The [HAL API](https://api.archives-ouvertes.fr/docs/search) is used to extract all the institution's countries appearing in peer-reviewed articles from INPHYNI. 

The typical request is:
[http://api.archives-ouvertes.fr/search/INPHYNI/?q=*:*&rows=2000&fq=docType_s:ART&fl=instStructCountry_s](http://api.archives-ouvertes.fr/search/INPHYNI/?q=*:*&rows=2000&fq=docType_s:ART&fl=instStructCountry_s)

with the following info:
* `/INPHYNI/`: restrict the request to the [INPHYNI's collection](https://cnrs.hal.science/INPHYNI)

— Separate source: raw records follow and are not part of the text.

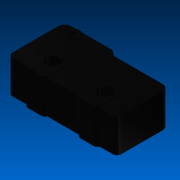
# Autodesk Inventor part: Omron SS-01GL2-E Microswitch Housing
Saved by Autodesk Inventor 2013 (Build 170138000, 138)
## iProperties
Created: 2012-05-23
Material: ABS Plastic
Document SubType Name: Modeling
Designer: sdarley
Density: 1 g/cm^3
Project: Microswitch - Omron SS-01GL2-E
Description: Omron SS-01GL2-E Microswitch Housing
Author: sdarley
Title: Omron SS-01GL2-E Microswitch Housing
Revision Number: 1
Autodesk Inventor part; units mm, degrees
ref_plane "YZ Plane" through (0, 0, 0) normal (1, 0, 0) x (0, 1, 0)
ref_plane "XZ Plane" through (0, 0, 0) normal (0, 1, 0) x (-1, 0, 0)
ref_plane "XY Plane" through (0, 0, 0) normal (0, 0, 1) x (1, 0, 0)
sketch "Sketch1" plane through (0, 0, 0) normal (0, 0, 1) x (1, 0, 0)
  line L0 (-9.75, 5.15) -> (-1, 5.15)
  line L1 (-1, 5.15) -> (0, 4.35)
  line L2 (0, 4.35) -> (10.1, 4.35)
  line L3 (10.1, 4.35) -> (10.1, -5.15)
  line L4 (10.1, -5.15) -> (6.75, -5.15)
  line L5 (6.75, -5.15) -> (6.3375, -5.45)
  line L6 (6.3375, -5.45) -> (3.5375, -5.45)
  line L7 (3.5375, -5.45) -> (3.125, -5.15)
  line L8 (3.125, -5.15) -> (-2.775, -5.15)
  line L9 (-2.775, -5.15) -> (-3.1875, -5.45)
  line L10 (-3.1875, -5.45) -> (-5.9875, -5.45)
  line L11 (-5.9875, -5.45) -> (-6.4, -5.15)
  line L12 (-6.4, -5.15) -> (-9.75, -5.15)
  line L13 (-9.75, -5.15) -> (-9.75, 5.15)
  point P0 (0, 0)
  point P1 (-9.75, 0)
  dimension "d0" = 19.85
  dimension "d2" = 10.6
  dimension "d3" = 9.5
  dimension "d4" = 0.3
  dimension "d5" = 5.9
  dimension "d6" = 3.35
  dimension "d7" = 3.35
  dimension "d8" = 10.1
  dimension "d9" = 8.75
  dimension "d10" = 2.8
  constraints: 28 end point, 9 parallel, 4 horizontal alignment, 2 equal length, 1 horizontal, 1 midpoint, 1 perpendicular, 1 vertical alignment
  measures "d0" distance between parallel lines of L3 L13
  measures "d2" distance between parallel lines of L6 L0
  measures "d3" distance between parallel lines of L4 L2
  measures "d4" distance between parallel lines of L6 L4
  measures "d5" distance of L7.end L8.end
  measures "d6" distance from line of L3 L4.end
  measures "d7" distance from line of L11.end L13
  measures "d8" distance of L1.end L2.end
  measures "d9" distance of L0.start L0.end
  measures "d10" distance of L9.end L10.end
extrude "Extrusion1" add sketch "Sketch1" along normal mid plane 6.1
sketch "Sketch2" plane through (0, 0, 3.05) normal (0, 0, 1) x (1, 0, 0)
  line L0 (-1, 5.15) -> (-9.75, 5.15) projected
  line L1 (-9.75, 5.15) -> (-9.75, -5.15) projected
  line L2 (-9.75, -5.15) -> (-6.4, -5.15) projected
  line L3 (-6.4, -5.15) -> (-5.9875, -5.45) projected
  line L4 (-5.9875, -5.45) -> (-3.1875, -5.45) projected
  line L5 (-3.1875, -5.45) -> (-2.775, -5.15) projected
  line L6 (3.125, -5.15) -> (3.5375, -5.45) projected
  line L7 (3.5375, -5.45) -> (6.3375, -5.45) projected
  line L8 (6.3375, -5.45) -> (6.75, -5.15) projected
  line L9 (10.1, 4.35) -> (0, 4.35) projected
  line L10 (-6.4, -5.15) -> (-6.4, -2.2125)
  line L11 (-2.775, -2.2125) -> (-2.775, -5.15)
  line L12 (3.125, -5.15) -> (3.125, -2.2125)
  line L13 (6.75, -2.2125) -> (6.75, -5.15)
  arc A0 (-2.775, -2.2125) -> (-6.4, -2.2125) centre (-4.5875, -2.2125) ccw
  arc A1 (6.75, -2.2125) -> (3.125, -2.2125) centre (4.9375, -2.2125) ccw
  circle A2 centre (-6.95, 4.05) radius 1.1
  point P0 (0, 0)
  dimension "d14" = 4.75
  dimension "d15" = 2.2
  dimension "d16" = 1.7
  constraints: 8 end point, 5 tangent, 4 point on circle, 3 centre point, 3 parallel, 1 horizontal alignment, 1 perpendicular
  measures "d15" diameter of A2
  measures "d16" distance edge to line of A2 L1
extrude "Extrusion2" add sketch "Sketch2" along normal blind 0.15
mirror "Mirror1" about plane through (0, 0, 0) normal (0, 0, 1) of "Extrusion2"
sketch "Sketch3" plane through (0, 0, 3.2) normal (0, 0, 1) x (1, 0, 0)
  arc A0 (-2.775, -2.2125) -> (-6.4, -2.2125) centre (-4.5875, -2.2125) ccw projected
  line L0 (3.125, -5.15) -> (3.5375, -5.45) projected
  line L1 (3.5375, -5.45) -> (6.3375, -5.45) projected
  line L2 (6.3375, -5.45) -> (6.75, -5.15) projected
  line L3 (6.75, -5.15) -> (6.75, -2.2125) projected
  arc A1 (6.75, -2.2125) -> (3.125, -2.2125) centre (4.9375, -2.2125) ccw projected
  line L4 (3.125, -2.2125) -> (3.125, -5.15) projected
  circle A2 centre (-4.5875, -2.2125) radius 1.175
  circle A3 centre (4.9375, -2.2125) radius 1.175
  circle A4 centre (-6.95, 4.05) radius 1.1 projected
  line L5 (-7.35, 4.35) -> (-6.8, 4.35)
  line L6 (-6.8, 4.35) -> (-6.8, 3.35)
  line L7 (-6.8, 3.35) -> (-7.35, 3.35)
  line L8 (-7.35, 3.35) -> (-7.35, 4.35)
  line L9 (-1, 5.15) -> (-6.95, 5.15) projected
  line L10 (10.1, -5.15) -> (10.1, 4.35) projected
  point P0 (0, 0)
  dimension "d19" = 2.35
  dimension "d21" = 2.35
  dimension "d24" = 0.55
  dimension "d25" = 1
  dimension "d35" = 0.8
  dimension "d36" = 16.9
  constraints: 8 end point, 2 centre point, 2 coincident, 2 parallel, 1 horizontal, 1 perpendicular, 1 vertical alignment
  measures "d19" diameter of A2
  measures "d21" diameter of A3
  measures "d24" distance of L6.end L7.end
  measures "d25" distance of L5.end L6.end
  measures "d35" distance between parallel lines of L9 L5
  measures "d36" distance between parallel lines of L10 L6
extrude "Extrusion3" cut sketch "Sketch3" against normal through all contours A2 | A3 | L5 L6 L7 L8
sketch "Sketch4" plane through (-9.75, 5.15, 3.05) normal (0, 1, 0) x (1, 0, 0)
  line L0 (0, 6.1) -> (0, 0) projected
  line L1 (2.5, 5.2) -> (2.8, 5.2)
  line L2 (2.8, 5.2) -> (2.8, 0.9)
  line L3 (2.8, 0.9) -> (2.5, 0.9)
  line L4 (2.5, 0.9) -> (2.5, 5.2)
  line L5 (5.85, 4.65) -> (7.85, 4.65)
  line L6 (7.85, 4.65) -> (7.85, 1.45)
  line L7 (7.85, 1.45) -> (5.85, 1.45)
  line L8 (5.85, 1.45) -> (5.85, 4.65)
  point P0 (9.75, 3.05)
  point P1 (0, 3.05)
  point P2 (2.5, 3.05)
  point P3 (2.8, 3.05)
  point P4 (5.85, 3.05)
  dimension "d26" = 4.3
  dimension "d28" = 0.3
  dimension "d29" = 2.5
  dimension "d30" = 3.05
  dimension "d31" = 2
  dimension "d32" = 3.2
  constraints: 16 end point, 4 midpoint, 4 parallel, 2 horizontal, 2 horizontal alignment, 2 perpendicular
  measures "d26" distance of L3.end L1.start
  measures "d28" distance of L1.start L1.end
  measures "d29" distance between parallel lines of L0 L4
  measures "d30" distance between parallel lines of L8 L2
  measures "d31" distance between parallel lines of L8 L6
  measures "d32" distance of L5.end L6.end
extrude "Extrusion4" cut sketch "Sketch4" against normal up to surface (1.8 mm away)
fillet "Fillet1" radius 1.2 2 edges at (-9.75, 5.15, 0) (10.1, 4.35, 0)
fillet "Fillet2" radius 0.75 2 edges at (-9.75, -5.15, 0) (10.1, -5.15, 0)
fillet "Fillet3" radius 0.3 10 edges at (0, 4.35, 0) (-1, 5.15, 0) (-2.775, -5.15, 0) (-3.1875, -5.45, 0) (-5.9875, -5.45, 0) (-6.4, -5.15, 0) (3.125, -5.15, 0) (3.5375, -5.45, 0) (6.3375, -5.45, 0) (6.75, -5.15, 0)
sketch "Sketch5" plane through (0, 0, 3.05) normal (0, 0, 1) x (1, 0, 0)
  line L0 (-9, -5.15) -> (-6.4976, -5.15) projected
  line L1 (-2.6774, -5.15) -> (3.0274, -5.15) projected
  line L2 (-8.5414, -3.4705) -> (-7.3088, -3.4705) construction
  line L3 (-7.3088, -3.4705) -> (-7.3088, -5.15) construction
  line L4 (-7.3088, -5.15) -> (-8.5414, -5.15) construction
  line L5 (-8.5414, -5.15) -> (-8.5414, -3.4705) construction
  line L6 (0.0618, -3.4705) -> (2.7283, -3.4705) construction
  line L7 (2.7283, -3.4705) -> (2.7283, -5.15) construction
  line L8 (2.7283, -5.15) -> (0.0618, -5.15) construction
  line L9 (0.0618, -5.15) -> (0.0618, -3.4705) construction
  line L10 (7.3318, -3.4705) -> (9.7732, -3.4705) construction
  line L11 (9.7732, -3.4705) -> (9.7732, -5.15) construction
  line L12 (9.7732, -5.15) -> (7.3318, -5.15) construction
  line L13 (7.3318, -5.15) -> (7.3318, -3.4705) construction
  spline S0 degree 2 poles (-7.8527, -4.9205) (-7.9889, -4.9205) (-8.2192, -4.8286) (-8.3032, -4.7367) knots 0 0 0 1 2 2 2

* `q=*:*`: search in all fields

* `rows=2000`: display 2000 outputs max

* `fq=docType_s:ART`: filter out only articles

* `fl=instStructCountry_s`: export the institution country of each author

### Import libraries

In [1]:
import requests
from collections import Counter
import pandas as pd
import pycountry
import plotly.express as px

### Define the HAL request and get the response

In [2]:
inphyni_art = "http://api.archives-ouvertes.fr/search/INPHYNI/?q=*:*&rows=2000&fq=docType_s:ART&fl=instStructCountry_s"

response = requests.get(inphyni_art, timeout=5)

docs = response.json()['response']['docs']
num = response.json()['response']['numFound']

print("Number of articles found: {}".format(num))

Number of articles found: 1765


### Count the occurences per country

In [3]:
country_list = []

# For each entry in docs, get the list of countries, remove duplicates and concatenate in countries list
for i, d in enumerate(docs):
    country_list += list(set(d["instStructCountry_s"]))

# Count the number of occurences for each country
country_occ = Counter(country_list)

### Convert to dataframe for processing

In [9]:
def convert_iso(df):
    ''' Convert iso-alpha-2 to iso-alpha-3 country names. '''
    return pycountry.countries.get(alpha_2=df['iso-alpha-2']).alpha_3

# Make a df from country_occ dict
df = pd.DataFrame(country_occ.items(), columns=['iso-alpha-2', 'occurence'])

# Convert country name to make it readable with plotly
df['iso-alpha-3'] = df.apply(convert_iso, axis=1)

# Sort and keep only results outside France
df = df.sort_values(by='occurence', ascending=False)
df = df.drop(0)

# Remove iso-alpha-2 and rename columns
del df['iso-alpha-2']
df = df.rename(columns={'iso-alpha-3': 'country'})

# Swap columnns and rest index
column_names = ['country', 'occurence']
df = df.reindex(columns=column_names)
df = df.reset_index(drop=True)

df.head(5)

Unnamed: 0,country,occurence
0,USA,158
1,ITA,95
2,DEU,85
3,ESP,80
4,GBR,78


In [10]:
num_occ_wo_fr = df["occurence"].sum()

print("Number of occurences outside France: {}".format(num_occ_wo_fr))

Number of occurences outside France: 991


### Use `plotly.express` module to map the results

In [15]:
fig = px.scatter_geo(df, locations="country", size="occurence", projection="natural earth")
fig.show()